What is RFM Analysis for Shopify?

The e-commerce industry is now worth $6.33 trillion (2024). Over the next few years, the industry is expected to grow at 8.8% each year. At this rate, the growth could increase. You have to grow with the industry to keep up with it. More growth means more customers. More customers means understanding your customers is now even more critical. Failure to do so could mean the failure of your store. Asking yourself questions such as “What is RFM Analysis?” will be needed to scale your store.

The Benefits of RFM Analysis and How it Grows Your Store

Here’s what happens if you don’t understand your customers:

  1. You target the wrong customers with your email marketing
  2. You risk losing your best customers who frequently buy from your store
  3. You jeopardize your growth and fail to reach the customers who would love your products

An RFM analysis can help you better communicate with your customers based on their actions.

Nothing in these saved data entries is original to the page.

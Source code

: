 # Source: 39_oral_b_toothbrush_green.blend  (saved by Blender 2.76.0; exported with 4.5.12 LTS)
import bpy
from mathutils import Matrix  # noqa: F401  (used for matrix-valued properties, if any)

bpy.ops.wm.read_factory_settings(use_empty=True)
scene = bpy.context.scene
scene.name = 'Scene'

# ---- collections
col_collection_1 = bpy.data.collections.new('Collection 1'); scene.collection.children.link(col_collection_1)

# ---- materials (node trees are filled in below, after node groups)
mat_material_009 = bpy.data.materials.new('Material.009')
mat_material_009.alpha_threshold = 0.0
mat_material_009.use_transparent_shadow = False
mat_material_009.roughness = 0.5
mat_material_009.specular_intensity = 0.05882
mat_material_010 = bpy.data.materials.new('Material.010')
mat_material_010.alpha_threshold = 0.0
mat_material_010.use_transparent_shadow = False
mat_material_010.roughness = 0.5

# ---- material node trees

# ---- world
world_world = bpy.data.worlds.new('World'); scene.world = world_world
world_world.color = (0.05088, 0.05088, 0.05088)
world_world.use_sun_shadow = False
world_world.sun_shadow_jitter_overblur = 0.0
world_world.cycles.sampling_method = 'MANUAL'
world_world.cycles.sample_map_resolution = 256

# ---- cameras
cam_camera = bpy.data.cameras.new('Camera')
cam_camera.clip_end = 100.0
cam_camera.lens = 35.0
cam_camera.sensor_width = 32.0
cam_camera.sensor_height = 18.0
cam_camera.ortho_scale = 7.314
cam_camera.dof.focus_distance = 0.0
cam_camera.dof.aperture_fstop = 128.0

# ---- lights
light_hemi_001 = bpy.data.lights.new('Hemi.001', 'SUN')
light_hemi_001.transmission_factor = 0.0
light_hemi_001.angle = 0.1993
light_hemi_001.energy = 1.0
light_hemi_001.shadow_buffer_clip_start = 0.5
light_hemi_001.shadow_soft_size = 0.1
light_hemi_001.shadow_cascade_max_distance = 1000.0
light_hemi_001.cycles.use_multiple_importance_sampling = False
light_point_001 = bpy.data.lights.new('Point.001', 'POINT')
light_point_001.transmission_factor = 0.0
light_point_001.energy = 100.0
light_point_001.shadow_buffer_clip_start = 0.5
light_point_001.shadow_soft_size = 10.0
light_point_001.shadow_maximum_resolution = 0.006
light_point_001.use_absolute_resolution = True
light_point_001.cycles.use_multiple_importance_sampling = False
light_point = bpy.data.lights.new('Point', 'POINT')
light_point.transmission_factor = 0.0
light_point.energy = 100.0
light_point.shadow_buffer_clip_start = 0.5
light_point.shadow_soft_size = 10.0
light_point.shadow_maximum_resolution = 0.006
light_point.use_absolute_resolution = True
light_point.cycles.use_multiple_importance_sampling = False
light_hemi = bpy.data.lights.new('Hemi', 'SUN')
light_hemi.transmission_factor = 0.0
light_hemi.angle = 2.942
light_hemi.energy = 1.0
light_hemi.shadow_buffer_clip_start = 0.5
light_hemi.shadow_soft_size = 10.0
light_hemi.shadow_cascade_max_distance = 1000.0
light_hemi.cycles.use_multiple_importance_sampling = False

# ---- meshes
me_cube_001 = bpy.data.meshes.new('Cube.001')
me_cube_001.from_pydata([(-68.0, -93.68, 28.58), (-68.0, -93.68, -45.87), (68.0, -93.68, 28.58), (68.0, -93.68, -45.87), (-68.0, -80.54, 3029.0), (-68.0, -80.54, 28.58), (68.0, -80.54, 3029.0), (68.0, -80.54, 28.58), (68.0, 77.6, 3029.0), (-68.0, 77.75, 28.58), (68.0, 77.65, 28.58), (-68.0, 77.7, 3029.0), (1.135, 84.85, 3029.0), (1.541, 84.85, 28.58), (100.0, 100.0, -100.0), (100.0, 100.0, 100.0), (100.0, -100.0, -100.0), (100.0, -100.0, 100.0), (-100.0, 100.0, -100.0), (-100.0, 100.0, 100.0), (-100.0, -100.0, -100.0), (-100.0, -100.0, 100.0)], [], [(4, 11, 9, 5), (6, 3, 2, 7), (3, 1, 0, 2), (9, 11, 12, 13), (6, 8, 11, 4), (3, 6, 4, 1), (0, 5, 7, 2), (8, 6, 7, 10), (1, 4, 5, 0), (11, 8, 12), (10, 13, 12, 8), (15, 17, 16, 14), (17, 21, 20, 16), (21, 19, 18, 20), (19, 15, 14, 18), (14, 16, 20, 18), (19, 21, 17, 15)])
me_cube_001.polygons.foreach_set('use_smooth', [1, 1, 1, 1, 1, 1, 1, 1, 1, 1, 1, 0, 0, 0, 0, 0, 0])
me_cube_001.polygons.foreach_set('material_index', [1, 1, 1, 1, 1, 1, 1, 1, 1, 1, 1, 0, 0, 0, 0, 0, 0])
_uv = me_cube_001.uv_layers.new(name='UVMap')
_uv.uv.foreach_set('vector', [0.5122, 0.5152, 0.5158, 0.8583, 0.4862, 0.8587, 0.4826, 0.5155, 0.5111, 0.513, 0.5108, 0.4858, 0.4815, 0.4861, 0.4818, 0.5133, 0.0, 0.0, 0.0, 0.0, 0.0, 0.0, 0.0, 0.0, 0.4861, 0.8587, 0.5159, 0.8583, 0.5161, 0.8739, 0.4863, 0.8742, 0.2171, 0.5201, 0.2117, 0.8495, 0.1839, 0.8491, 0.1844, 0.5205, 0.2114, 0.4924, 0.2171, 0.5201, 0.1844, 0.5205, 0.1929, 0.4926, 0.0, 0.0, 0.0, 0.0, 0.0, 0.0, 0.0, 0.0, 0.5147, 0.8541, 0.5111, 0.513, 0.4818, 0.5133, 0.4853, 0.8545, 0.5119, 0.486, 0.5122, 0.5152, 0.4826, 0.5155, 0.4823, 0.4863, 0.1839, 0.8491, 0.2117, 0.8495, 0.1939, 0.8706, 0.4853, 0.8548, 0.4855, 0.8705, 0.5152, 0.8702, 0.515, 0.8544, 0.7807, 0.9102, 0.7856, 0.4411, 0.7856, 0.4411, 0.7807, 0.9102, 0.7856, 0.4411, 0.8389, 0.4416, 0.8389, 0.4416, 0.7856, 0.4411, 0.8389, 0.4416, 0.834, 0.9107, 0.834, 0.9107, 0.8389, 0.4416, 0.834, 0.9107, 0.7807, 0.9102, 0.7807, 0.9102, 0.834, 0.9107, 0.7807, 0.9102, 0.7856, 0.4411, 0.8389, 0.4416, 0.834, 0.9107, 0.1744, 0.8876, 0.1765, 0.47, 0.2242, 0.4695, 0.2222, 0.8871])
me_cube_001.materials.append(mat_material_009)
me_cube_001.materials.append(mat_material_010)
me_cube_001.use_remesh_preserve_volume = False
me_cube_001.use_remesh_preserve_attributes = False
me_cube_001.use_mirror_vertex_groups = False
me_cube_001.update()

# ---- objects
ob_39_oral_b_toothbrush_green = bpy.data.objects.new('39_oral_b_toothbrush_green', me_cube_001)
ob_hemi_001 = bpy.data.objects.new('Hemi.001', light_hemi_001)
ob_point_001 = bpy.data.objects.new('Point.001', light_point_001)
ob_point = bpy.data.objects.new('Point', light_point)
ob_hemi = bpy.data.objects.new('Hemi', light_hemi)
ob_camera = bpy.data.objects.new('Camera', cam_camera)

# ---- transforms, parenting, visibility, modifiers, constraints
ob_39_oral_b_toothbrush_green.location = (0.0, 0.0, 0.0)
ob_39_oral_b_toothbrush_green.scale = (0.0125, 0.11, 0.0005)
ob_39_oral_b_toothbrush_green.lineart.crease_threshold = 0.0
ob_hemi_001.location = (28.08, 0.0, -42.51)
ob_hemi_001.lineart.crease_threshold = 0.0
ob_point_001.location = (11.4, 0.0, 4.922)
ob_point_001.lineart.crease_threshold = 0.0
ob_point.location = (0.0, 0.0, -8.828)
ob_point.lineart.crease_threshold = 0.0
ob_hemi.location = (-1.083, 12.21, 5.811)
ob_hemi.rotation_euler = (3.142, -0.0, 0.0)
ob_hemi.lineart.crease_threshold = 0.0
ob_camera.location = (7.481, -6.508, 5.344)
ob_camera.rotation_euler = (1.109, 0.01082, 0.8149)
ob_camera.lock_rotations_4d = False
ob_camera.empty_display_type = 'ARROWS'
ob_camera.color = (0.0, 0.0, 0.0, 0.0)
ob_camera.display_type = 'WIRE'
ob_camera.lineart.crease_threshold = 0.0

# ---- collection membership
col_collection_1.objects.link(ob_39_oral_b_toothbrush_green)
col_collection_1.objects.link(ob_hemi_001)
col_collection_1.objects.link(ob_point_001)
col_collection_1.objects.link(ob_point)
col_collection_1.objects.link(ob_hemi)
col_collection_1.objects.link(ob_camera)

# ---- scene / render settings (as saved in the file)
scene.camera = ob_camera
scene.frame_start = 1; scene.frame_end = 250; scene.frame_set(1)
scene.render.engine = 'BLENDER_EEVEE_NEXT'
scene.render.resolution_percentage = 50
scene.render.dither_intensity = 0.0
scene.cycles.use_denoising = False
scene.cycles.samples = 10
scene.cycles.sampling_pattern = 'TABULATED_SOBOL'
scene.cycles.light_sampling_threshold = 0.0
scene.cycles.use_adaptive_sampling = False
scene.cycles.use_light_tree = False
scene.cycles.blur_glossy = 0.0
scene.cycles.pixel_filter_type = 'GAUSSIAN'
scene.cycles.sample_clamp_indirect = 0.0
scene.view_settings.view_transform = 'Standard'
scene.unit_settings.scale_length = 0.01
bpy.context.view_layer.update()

How can you personalize your product recommendation? Which marketing channels are most effective for your customers? How can you optimize your pricing strategies?

These are just a few questions the RFM Analysis can help answer.

The following guide explains the RFM Analysis and how it helps your business. This tool can prevent unwanted scenarios and ensure smoother sailing for your store.

Let’s begin…

What is an RFM Analysis?

Understanding your customers’ behaviour means understanding how to operate your business.

An RFM Analysis is a scoring system that segments and understands customers effectively. 

This analysis will organize and analyze your customers based on 3 categories:

  • Recency: When was the last time the customer bought from the store?
  • Frequency: How many orders have they made?
  • Monetary: How much have they spent?

First, customers are organized into segments based on their Recency and Frequency. The matrix below shows the result.

rfm matrix

As you can see, there are 7 groups that customers can be sorted into:

  1. Best Customers: Customers who have been grouped into this category have purchased from the store within the last 30 days and have made 4 or more orders
  2. Loyal Customers: Customers who are grouped here have last ordered from the store 1-6 months ago and made 4 or more orders like the Best Customers
  3. Promising Customers: Customers who are here have only made 2-3 orders so far and have been at your store anytime within the last 6 months
  4. Recent Customers: Customers who have recently ordered from your store within the last 30 days (like the Best Customers) but have only made 1 order.
  5. Defecting Customers: Customers who ordered 1-6 months ago but only made 1 order. 
  6. At-Risk Customers: Customers at your store 6-12 months ago.
  7. Dormant Customers: Customers who were at your store over 12 months ago.

These are the most important segments to analyze, as they can generate the largest ROI when you invest in learning about them.

To make sure you understand, let’s do 2 examples:

Customer A has made 2 orders; last did so 4 months ago. Looking at the matrix above, having 2-3 orders and last ordering 1-6 months ago puts them in the Promising Customers category.

Customer B has made 6 purchases and last ordered 2 weeks ago. Customers who have made 4 or more orders and ordered within the last 30 days will be placed in the Best Customers Category.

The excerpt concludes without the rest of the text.